-------- Task data

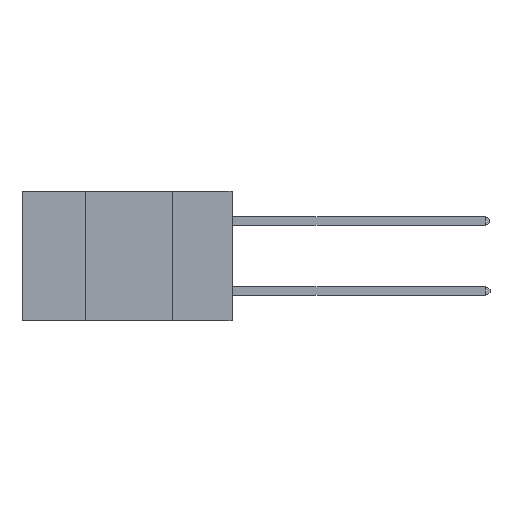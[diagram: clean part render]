
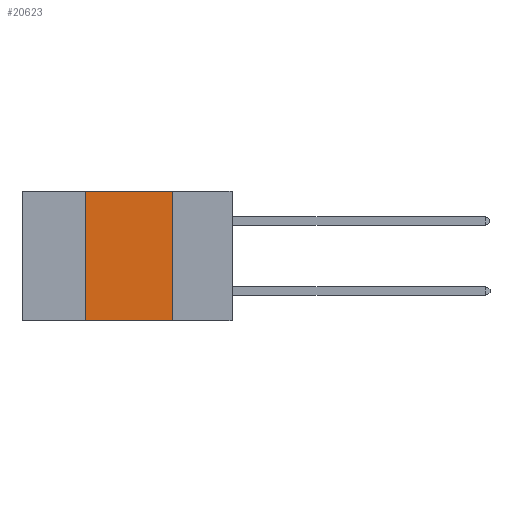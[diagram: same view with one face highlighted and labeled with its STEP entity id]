
A CAD part, left-side view. The second image highlights one B-rep face of the part: STEP entity #20623.
In plain terms, the highlighted planar face has unit normal (-1, 0, 0).
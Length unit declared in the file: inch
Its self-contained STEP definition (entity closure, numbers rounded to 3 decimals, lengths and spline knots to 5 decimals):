
#249 = VERTEX_POINT ( 'NONE', #13965 ) ;
#643 = VECTOR ( 'NONE', #4458, 39.37008 ) ;
#1300 = LINE ( 'NONE', #13500, #643 ) ;
#1469 = CARTESIAN_POINT ( 'NONE',  ( 0., 0.6, 0. ) ) ;
#2546 = AXIS2_PLACEMENT_3D ( 'NONE', #1469, #22806, #12639 ) ;
#4230 = VERTEX_POINT ( 'NONE', #18034 ) ;
#4458 = DIRECTION ( 'NONE',  ( 0., 0., -1. ) ) ;
#4509 = FACE_OUTER_BOUND ( 'NONE', #17880, .T. ) ;
#5067 = EDGE_CURVE ( 'NONE', #5680, #249, #7147, .T. ) ;
#5680 = VERTEX_POINT ( 'NONE', #14281 ) ;
#6418 = EDGE_CURVE ( 'NONE', #249, #4230, #1300, .T. ) ;
#6419 = EDGE_CURVE ( 'NONE', #12877, #5680, #20323, .T. ) ;
#6494 = EDGE_CURVE ( 'NONE', #12877, #4230, #9596, .T. ) ;
#6534 = VECTOR ( 'NONE', #15641, 39.37008 ) ;
#7147 = LINE ( 'NONE', #18696, #6534 ) ;
#9596 = LINE ( 'NONE', #11991, #18725 ) ;
#10938 = ORIENTED_EDGE ( 'NONE', *, *, #6418, .F. ) ;
#11991 = CARTESIAN_POINT ( 'NONE',  ( 0., 0.6, -0.37 ) ) ;
#12003 = ORIENTED_EDGE ( 'NONE', *, *, #6494, .T. ) ;
#12639 = DIRECTION ( 'NONE',  ( 0., 0., -1. ) ) ;
#12877 = VERTEX_POINT ( 'NONE', #13240 ) ;
#13240 = CARTESIAN_POINT ( 'NONE',  ( 0., 0.42, -0.37 ) ) ;
#13500 = CARTESIAN_POINT ( 'NONE',  ( 0., 0.17, 0. ) ) ;
#13702 = DIRECTION ( 'NONE',  ( 0., -1., 0. ) ) ;
#13965 = CARTESIAN_POINT ( 'NONE',  ( 0., 0.17, 0. ) ) ;
#14281 = CARTESIAN_POINT ( 'NONE',  ( 0., 0.42, 0. ) ) ;
#14723 = VECTOR ( 'NONE', #20331, 39.37008 ) ;
#15641 = DIRECTION ( 'NONE',  ( 0., -1., 0. ) ) ;
#17880 = EDGE_LOOP ( 'NONE', ( #10938, #19990, #20532, #12003 ) ) ;
#18034 = CARTESIAN_POINT ( 'NONE',  ( 0., 0.17, -0.37 ) ) ;
#18629 = CARTESIAN_POINT ( 'NONE',  ( 0., 0.42, 0. ) ) ;
#18696 = CARTESIAN_POINT ( 'NONE',  ( 0., 0.6, 0. ) ) ;
#18725 = VECTOR ( 'NONE', #13702, 39.37008 ) ;
#19990 = ORIENTED_EDGE ( 'NONE', *, *, #5067, .F. ) ;
#20323 = LINE ( 'NONE', #18629, #14723 ) ;
#20331 = DIRECTION ( 'NONE',  ( 0., 0., 1. ) ) ;
#20532 = ORIENTED_EDGE ( 'NONE', *, *, #6419, .F. ) ;
#20623 = ADVANCED_FACE ( 'NONE', ( #4509 ), #21124, .F. ) ;
#21124 = PLANE ( 'NONE',  #2546 ) ;
#22806 = DIRECTION ( 'NONE',  ( 1., 0., 0. ) ) ;

----------------

● **Assigned task**
Reproduce every entry word for word, but omit the pictures.

● **Response to the task**
[diagram: clean part render]
[diagram: same view with one face highlighted and labeled with its STEP entity id]
A CAD part, left-side view. The second image highlights one B-rep face of the part: STEP entity #20623.
In plain terms, the highlighted planar face has unit normal (-1, 0, 0).
Length unit declared in the file: inch
Its self-contained STEP definition (entity closure, numbers rounded to 3 decimals, lengths and spline knots to 5 decimals):
#249 = VERTEX_POINT ( 'NONE', #13965 ) ;
#643 = VECTOR ( 'NONE', #4458, 39.37008 ) ;
#1300 = LINE ( 'NONE', #13500, #643 ) ;
#1469 = CARTESIAN_POINT ( 'NONE',  ( 0., 0.6, 0. ) ) ;
#2546 = AXIS2_PLACEMENT_3D ( 'NONE', #1469, #22806, #12639 ) ;
#4230 = VERTEX_POINT ( 'NONE', #18034 ) ;
#4458 = DIRECTION ( 'NONE',  ( 0., 0., -1. ) ) ;
#4509 = FACE_OUTER_BOUND ( 'NONE', #17880, .T. ) ;
#5067 = EDGE_CURVE ( 'NONE', #5680, #249, #7147, .T. ) ;
#5680 = VERTEX_POINT ( 'NONE', #14281 ) ;
#6418 = EDGE_CURVE ( 'NONE', #249, #4230, #1300, .T. ) ;
#6419 = EDGE_CURVE ( 'NONE', #12877, #5680, #20323, .T. ) ;
#6494 = EDGE_CURVE ( 'NONE', #12877, #4230, #9596, .T. ) ;
#6534 = VECTOR ( 'NONE', #15641, 39.37008 ) ;
#7147 = LINE ( 'NONE', #18696, #6534 ) ;
#9596 = LINE ( 'NONE', #11991, #18725 ) ;
#10938 = ORIENTED_EDGE ( 'NONE', *, *, #6418, .F. ) ;
#11991 = CARTESIAN_POINT ( 'NONE',  ( 0., 0.6, -0.37 ) ) ;
#12003 = ORIENTED_EDGE ( 'NONE', *, *, #6494, .T. ) ;
#12639 = DIRECTION ( 'NONE',  ( 0., 0., -1. ) ) ;
#12877 = VERTEX_POINT ( 'NONE', #13240 ) ;
#13240 = CARTESIAN_POINT ( 'NONE',  ( 0., 0.42, -0.37 ) ) ;
#13500 = CARTESIAN_POINT ( 'NONE',  ( 0., 0.17, 0. ) ) ;
#13702 = DIRECTION ( 'NONE',  ( 0., -1., 0. ) ) ;
#13965 = CARTESIAN_POINT ( 'NONE',  ( 0., 0.17, 0. ) ) ;
#14281 = CARTESIAN_POINT ( 'NONE',  ( 0., 0.42, 0. ) ) ;
#14723 = VECTOR ( 'NONE', #20331, 39.37008 ) ;
#15641 = DIRECTION ( 'NONE',  ( 0., -1., 0. ) ) ;
#17880 = EDGE_LOOP ( 'NONE', ( #10938, #19990, #20532, #12003 ) ) ;
#18034 = CARTESIAN_POINT ( 'NONE',  ( 0., 0.17, -0.37 ) ) ;
#18629 = CARTESIAN_POINT ( 'NONE',  ( 0., 0.42, 0. ) ) ;
#18696 = CARTESIAN_POINT ( 'NONE',  ( 0., 0.6, 0. ) ) ;
#18725 = VECTOR ( 'NONE', #13702, 39.37008 ) ;
#19990 = ORIENTED_EDGE ( 'NONE', *, *, #5067, .F. ) ;
#20323 = LINE ( 'NONE', #18629, #14723 ) ;
#20331 = DIRECTION ( 'NONE',  ( 0., 0., 1. ) ) ;
#20532 = ORIENTED_EDGE ( 'NONE', *, *, #6419, .F. ) ;
#20623 = ADVANCED_FACE ( 'NONE', ( #4509 ), #21124, .F. ) ;
#21124 = PLANE ( 'NONE',  #2546 ) ;
#22806 = DIRECTION ( 'NONE',  ( 1., 0., 0. ) ) ;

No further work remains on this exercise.